The self-perpetuating mechanisms through which wealth maintains its concentration cannot be eliminated through political enfranchisement alone--our own experience in the United States is evidence enough. It is nothing more than fantasy to think that the extension of equal political rights after hundreds of years of inequality in all aspects of life, absent any sort of socioeconomic reparations, will achieve anything other than the de facto maintenance of the previously existing systems of oppression.


In this vein, the governance of the ANC has not acted to reverse the systematic inequality that has defined South African history. While employment, education, transportation, and housing are no longer legally segregated, they may as well be. The apartheid-era townships remain populated by Black South Africans, while opportunities for social mobility are near nonexistent. The World Economic Forum ranks the South African education system as 126th out of a total 138 countries studied. Combined with the stunning level of wealth inequality, white South Africans often have the ability to attend the prestigious South African universities that are among the most reputed post-secondary educational institutions in Africa, which allows them more opportunities for employment and higher levels of income.


What’s more, attempts to level the socioeconomic playing field have been stifled rather than encouraged by the ANC. Most notably, federal police violently subjugated overwhelmingly poor Black striking platinum mine workers making the equivalent of less than three hundred dollars a month in the 2012 Marikana massacre.
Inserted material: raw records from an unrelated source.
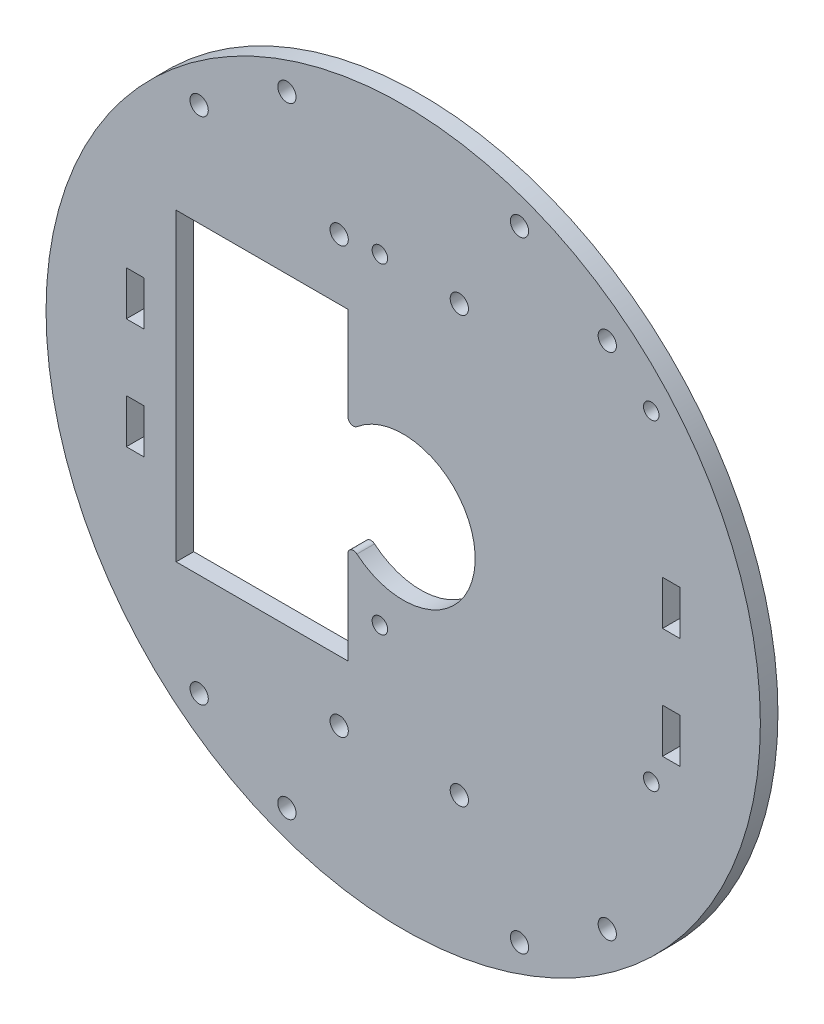
from build123d import *

# Parameters (mm, degrees)
SKETCH1_R           = 64.5
SKETCH1_R_2         = 1.65
SKETCH1_R_3         = 13
SKETCH1_R_4         = 1.4
BOSS_EXTRUDE2_DEPTH = 3.175
SKETCH2_W           = 3.175
SKETCH2_H           = 8
CUT_EXTRUDE1_DEPTH  = 4.175
SKETCH3_W           = 31
SKETCH3_H           = 55
CUT_EXTRUDE2_DEPTH  = 4.175
FILLET3_R           = 1


with BuildPart() as part:
    # Sketch1 → Boss-Extrude2 (new body)
    with BuildSketch(Plane(origin=(0, 0, 0), x_dir=(-1, 0, 0), z_dir=(0, 0, 1))):
        with Locations((14.45539036, 0.366425758)):
            Circle(SKETCH1_R)
        with Locations((26.018596538, -38.058574242)):
            Circle(SKETCH1_R_2, mode=Mode.SUBTRACT)
        with Locations((4.318596538, -38.058574242)):
            Circle(SKETCH1_R_2, mode=Mode.SUBTRACT)
        with Locations((26.018596538, 38.791425758)):
            Circle(SKETCH1_R_2, mode=Mode.SUBTRACT)
        with Locations((4.318596538, 38.791425758)):
            Circle(SKETCH1_R_2, mode=Mode.SUBTRACT)
        with Locations((14.45539036, 0.366425758)):
            Circle(SKETCH1_R_3, mode=Mode.SUBTRACT)
        with Locations((-6.54460964, 56.366425758)):
            Circle(SKETCH1_R_2, mode=Mode.SUBTRACT)
        with Locations((-22.394874657, 46.366425758)):
            Circle(SKETCH1_R_2, mode=Mode.SUBTRACT)
        with Locations((35.45539036, 56.366425758)):
            Circle(SKETCH1_R_2, mode=Mode.SUBTRACT)
        with Locations((51.305655378, 46.366425758)):
            Circle(SKETCH1_R_2, mode=Mode.SUBTRACT)
        with Locations((51.305655378, -45.633574242)):
            Circle(SKETCH1_R_2, mode=Mode.SUBTRACT)
        with Locations((35.45539036, -55.633574242)):
            Circle(SKETCH1_R_2, mode=Mode.SUBTRACT)
        with Locations((-6.54460964, -55.633574242)):
            Circle(SKETCH1_R_2, mode=Mode.SUBTRACT)
        with Locations((-22.394874657, -45.633574242)):
            Circle(SKETCH1_R_2, mode=Mode.SUBTRACT)
        with Locations((18.66683861, -38.633574242)):
            Circle(SKETCH1_R_4, mode=Mode.SUBTRACT)
        with Locations((-30.33316139, -38.633574242)):
            Circle(SKETCH1_R_4, mode=Mode.SUBTRACT)
        with Locations((18.66683861, 19.366425758)):
            Circle(SKETCH1_R_4, mode=Mode.SUBTRACT)
        with Locations((-30.33316139, 19.366425758)):
            Circle(SKETCH1_R_4, mode=Mode.SUBTRACT)
    extrude(amount=BOSS_EXTRUDE2_DEPTH)

    # Sketch2 → Cut-Extrude1 (cut, through all)
    with BuildSketch(Plane.XY.offset(3.175)):
        with Locations((33.95710964, -10.366425758)):
            Rectangle(SKETCH2_W, SKETCH2_H)
        with Locations((33.95710964, 9.633574242)):
            Rectangle(SKETCH2_W, SKETCH2_H)
        with Locations((-62.86789036, 9.633574242)):
            Rectangle(SKETCH2_W, SKETCH2_H)
        with Locations((-62.86789036, -10.366425758)):
            Rectangle(SKETCH2_W, SKETCH2_H)
    extrude(amount=-CUT_EXTRUDE1_DEPTH, mode=Mode.SUBTRACT)

    # Sketch3 → Cut-Extrude2 (cut, through all)
    with BuildSketch(Plane.XY.offset(3.175)):
        with Locations((-39.95539036, -0.366425758)):
            Rectangle(SKETCH3_W, SKETCH3_H)
    extrude(amount=-CUT_EXTRUDE2_DEPTH, mode=Mode.SUBTRACT)

    # Fillet3
    fillet3_edges = [part.edges().sort_by_distance(p)[0] for p in [
        (-24.45539036, 7.940198105, 1.5875),
        (-24.45539036, -8.673049621, 1.5875),
    ]]
    fillet(fillet3_edges, radius=FILLET3_R)


solid = part.part

In total, forty-seven people, most of them striking miners, were killed in a declaration of state policy to side with the (predominately white) interests of capital over the population the South African government is supposed to represent.


All of that is not to say we should be disillusioned with the potential for progress that is so evident all around us. The lesson, rather, is that progress is not something that will passively accumulate with the passage of time and that we must safeguard against the name of progress being diluted to maintain a corrupt and unjust status quo. If we can recognize the nature of that which has historically subdued progress, we can take the crucial first step toward breaking the cycle of history that has slowed our advancement in the direction of equality in all walks of life.